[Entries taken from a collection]

———

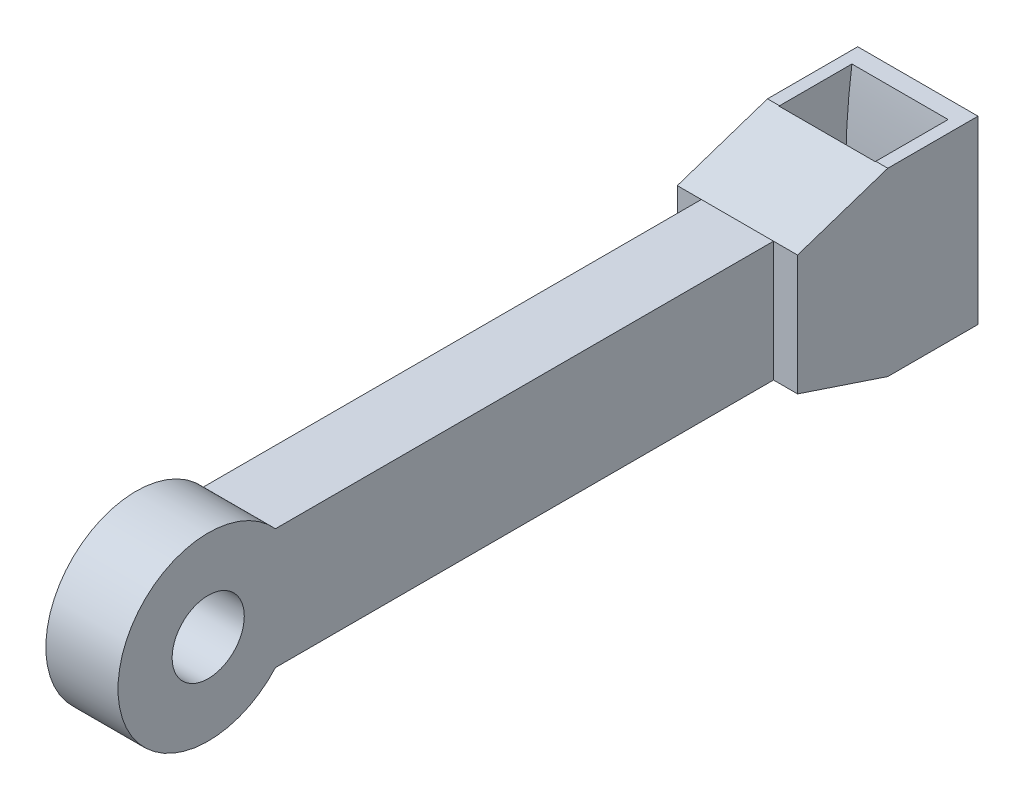
ISO-10303-21;
HEADER;
FILE_DESCRIPTION(('STEP AP214'),'2;1');
FILE_NAME('part.step','',(''),(''),'','','');
FILE_SCHEMA(('AUTOMOTIVE_DESIGN { 1 0 10303 214 1 1 1 1 }'));
ENDSEC;
DATA;
#1=APPLICATION_CONTEXT('core data for automotive mechanical design processes');
#2=APPLICATION_PROTOCOL_DEFINITION('international standard','automotive_design',2000,#1);
#3=PRODUCT_CONTEXT('',#1,'mechanical');
#4=PRODUCT('Part','Part','',(#3));
#5=PRODUCT_RELATED_PRODUCT_CATEGORY('part','',(#4));
#6=PRODUCT_DEFINITION_FORMATION('','',#4);
#7=PRODUCT_DEFINITION_CONTEXT('part definition',#1,'design');
#8=PRODUCT_DEFINITION('design','',#6,#7);
#9=PRODUCT_DEFINITION_SHAPE('','',#8);
#10=(LENGTH_UNIT() NAMED_UNIT(*) SI_UNIT(.MILLI.,.METRE.));
#11=(NAMED_UNIT(*) PLANE_ANGLE_UNIT() SI_UNIT($,.RADIAN.));
#12=(NAMED_UNIT(*) SI_UNIT($,.STERADIAN.) SOLID_ANGLE_UNIT());
#13=UNCERTAINTY_MEASURE_WITH_UNIT(LENGTH_MEASURE(1.E-05),#10,'distance_accuracy_value','');
#14=(GEOMETRIC_REPRESENTATION_CONTEXT(3) GLOBAL_UNCERTAINTY_ASSIGNED_CONTEXT((#13)) GLOBAL_UNIT_ASSIGNED_CONTEXT((#10,
#11,#12)) REPRESENTATION_CONTEXT('',''));
#15=CARTESIAN_POINT('',(0.,0.,0.));
#16=DIRECTION('',(0.,0.,1.));
#17=DIRECTION('',(1.,0.,0.));
#18=AXIS2_PLACEMENT_3D('',#15,#16,#17);
#19=CARTESIAN_POINT('',(0.,-2.5,67.));
#20=DIRECTION('',(0.,-1.,0.));
#21=DIRECTION('',(0.,0.,-1.));
#22=AXIS2_PLACEMENT_3D('',#19,#20,#21);
#23=PLANE('',#22);
#24=DIRECTION('',(0.,0.,-1.));
#25=VECTOR('',#24,1.);
#26=CARTESIAN_POINT('',(2.00000000000001,-2.5,67.));
#27=LINE('',#26,#25);
#28=CARTESIAN_POINT('',(2.00000000000001,-2.5,56.4098300562505));
#29=VERTEX_POINT('',#28);
#30=CARTESIAN_POINT('',(2.,-2.5,15.));
#31=VERTEX_POINT('',#30);
#32=EDGE_CURVE('E169',#29,#31,#27,.T.);
#33=ORIENTED_EDGE('',*,*,#32,.F.);
#34=DIRECTION('',(-1.,0.,0.));
#35=VECTOR('',#34,1.);
#36=CARTESIAN_POINT('',(10.,-2.5,56.4098300562505));
#37=LINE('',#36,#35);
#38=CARTESIAN_POINT('',(8.00000000000001,-2.5,56.4098300562505));
#39=VERTEX_POINT('',#38);
#40=EDGE_CURVE('E11',#29,#39,#37,.F.);
#41=ORIENTED_EDGE('',*,*,#40,.T.);
#42=DIRECTION('',(0.,0.,1.));
#43=VECTOR('',#42,1.);
#44=CARTESIAN_POINT('',(8.00000000000001,-2.5,67.));
#45=LINE('',#44,#43);
#46=CARTESIAN_POINT('',(8.,-2.5,15.));
#47=VERTEX_POINT('',#46);
#48=EDGE_CURVE('E57',#47,#39,#45,.T.);
#49=ORIENTED_EDGE('',*,*,#48,.F.);
#50=DIRECTION('',(1.,0.,0.));
#51=VECTOR('',#50,1.);
#52=CARTESIAN_POINT('',(0.,-2.5,15.));
#53=LINE('',#52,#51);
#54=EDGE_CURVE('E179',#31,#47,#53,.T.);
#55=ORIENTED_EDGE('',*,*,#54,.F.);
#56=EDGE_LOOP('',(#33,#41,#49,#55));
#57=FACE_BOUND('',#56,.T.);
#58=ADVANCED_FACE('F39',(#57),#23,.F.);
#59=CARTESIAN_POINT('',(0.,0.,15.));
#60=DIRECTION('',(1.,0.,0.));
#61=DIRECTION('',(0.,1.,0.));
#62=AXIS2_PLACEMENT_3D('',#59,#60,#61);
#63=PLANE('',#62);
#64=DIRECTION('',(0.,-1.,0.));
#65=VECTOR('',#64,1.);
#66=CARTESIAN_POINT('',(0.,7.5,15.));
#67=LINE('',#66,#65);
#68=CARTESIAN_POINT('',(0.,-2.5,15.));
#69=VERTEX_POINT('',#68);
#70=CARTESIAN_POINT('',(0.,-12.5,15.));
#71=VERTEX_POINT('',#70);
#72=EDGE_CURVE('E220',#69,#71,#67,.T.);
#73=ORIENTED_EDGE('',*,*,#72,.F.);
#74=DIRECTION('',(0.,0.316227766016838,-0.948683298050514));
#75=VECTOR('',#74,1.);
#76=CARTESIAN_POINT('',(0.,-2.25,14.25));
#77=LINE('',#76,#75);
#78=CARTESIAN_POINT('',(0.,0.,7.5));
#79=VERTEX_POINT('',#78);
#80=EDGE_CURVE('E304',#69,#79,#77,.T.);
#81=ORIENTED_EDGE('',*,*,#80,.T.);
#82=DIRECTION('',(0.,0.,-1.));
#83=VECTOR('',#82,1.);
#84=CARTESIAN_POINT('',(0.,0.,15.));
#85=LINE('',#84,#83);
#86=CARTESIAN_POINT('',(0.,0.,0.));
#87=VERTEX_POINT('',#86);
#88=EDGE_CURVE('E324',#79,#87,#85,.T.);
#89=ORIENTED_EDGE('',*,*,#88,.T.);
#90=DIRECTION('',(0.,-1.,0.));
#91=VECTOR('',#90,1.);
#92=CARTESIAN_POINT('',(0.,0.,0.));
#93=LINE('',#92,#91);
#94=CARTESIAN_POINT('',(0.,-15.,0.));
#95=VERTEX_POINT('',#94);
#96=EDGE_CURVE('E308',#87,#95,#93,.T.);
#97=ORIENTED_EDGE('',*,*,#96,.T.);
#98=DIRECTION('',(0.,0.,-1.));
#99=VECTOR('',#98,1.);
#100=CARTESIAN_POINT('',(0.,-15.,15.));
#101=LINE('',#100,#99);
#102=CARTESIAN_POINT('',(0.,-15.,7.5));
#103=VERTEX_POINT('',#102);
#104=EDGE_CURVE('E332',#103,#95,#101,.T.);
#105=ORIENTED_EDGE('',*,*,#104,.F.);
#106=DIRECTION('',(0.,0.316227766016838,0.948683298050514));
#107=VECTOR('',#106,1.);
#108=CARTESIAN_POINT('',(0.,-11.25,18.75));
#109=LINE('',#108,#107);
#110=EDGE_CURVE('E293',#103,#71,#109,.T.);
#111=ORIENTED_EDGE('',*,*,#110,.T.);
#112=EDGE_LOOP('',(#73,#81,#89,#97,#105,#111));
#113=FACE_BOUND('',#112,.T.);
#114=ADVANCED_FACE('F41',(#113),#63,.F.);
#115=CARTESIAN_POINT('',(10.,0.,15.));
#116=DIRECTION('',(-1.,0.,0.));
#117=DIRECTION('',(0.,-1.,0.));
#118=AXIS2_PLACEMENT_3D('',#115,#116,#117);
#119=PLANE('',#118);
#120=DIRECTION('',(0.,-1.,0.));
#121=VECTOR('',#120,1.);
#122=CARTESIAN_POINT('',(10.,7.5,15.));
#123=LINE('',#122,#121);
#124=CARTESIAN_POINT('',(10.,-2.5,15.));
#125=VERTEX_POINT('',#124);
#126=CARTESIAN_POINT('',(10.,-12.5,15.));
#127=VERTEX_POINT('',#126);
#128=EDGE_CURVE('E162',#125,#127,#123,.T.);
#129=ORIENTED_EDGE('',*,*,#128,.T.);
#130=DIRECTION('',(0.,0.316227766016838,0.948683298050514));
#131=VECTOR('',#130,1.);
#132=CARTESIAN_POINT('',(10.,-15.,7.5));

———

▶ What to do: Give again, word for word, every line from the top of the data through the line with "#22=AXIS2_PLACEMENT_3D('',#19,#20,#21);", both ends included, and exclude the pictures.

▶ Result of the exercise:
ISO-10303-21;
HEADER;
FILE_DESCRIPTION(('STEP AP214'),'2;1');
FILE_NAME('part.step','',(''),(''),'','','');
FILE_SCHEMA(('AUTOMOTIVE_DESIGN { 1 0 10303 214 1 1 1 1 }'));
ENDSEC;
DATA;
#1=APPLICATION_CONTEXT('core data for automotive mechanical design processes');
#2=APPLICATION_PROTOCOL_DEFINITION('international standard','automotive_design',2000,#1);
#3=PRODUCT_CONTEXT('',#1,'mechanical');
#4=PRODUCT('Part','Part','',(#3));
#5=PRODUCT_RELATED_PRODUCT_CATEGORY('part','',(#4));
#6=PRODUCT_DEFINITION_FORMATION('','',#4);
#7=PRODUCT_DEFINITION_CONTEXT('part definition',#1,'design');
#8=PRODUCT_DEFINITION('design','',#6,#7);
#9=PRODUCT_DEFINITION_SHAPE('','',#8);
#10=(LENGTH_UNIT() NAMED_UNIT(*) SI_UNIT(.MILLI.,.METRE.));
#11=(NAMED_UNIT(*) PLANE_ANGLE_UNIT() SI_UNIT($,.RADIAN.));
#12=(NAMED_UNIT(*) SI_UNIT($,.STERADIAN.) SOLID_ANGLE_UNIT());
#13=UNCERTAINTY_MEASURE_WITH_UNIT(LENGTH_MEASURE(1.E-05),#10,'distance_accuracy_value','');
#14=(GEOMETRIC_REPRESENTATION_CONTEXT(3) GLOBAL_UNCERTAINTY_ASSIGNED_CONTEXT((#13)) GLOBAL_UNIT_ASSIGNED_CONTEXT((#10,
#11,#12)) REPRESENTATION_CONTEXT('',''));
#15=CARTESIAN_POINT('',(0.,0.,0.));
#16=DIRECTION('',(0.,0.,1.));
#17=DIRECTION('',(1.,0.,0.));
#18=AXIS2_PLACEMENT_3D('',#15,#16,#17);
#19=CARTESIAN_POINT('',(0.,-2.5,67.));
#20=DIRECTION('',(0.,-1.,0.));
#21=DIRECTION('',(0.,0.,-1.));
#22=AXIS2_PLACEMENT_3D('',#19,#20,#21);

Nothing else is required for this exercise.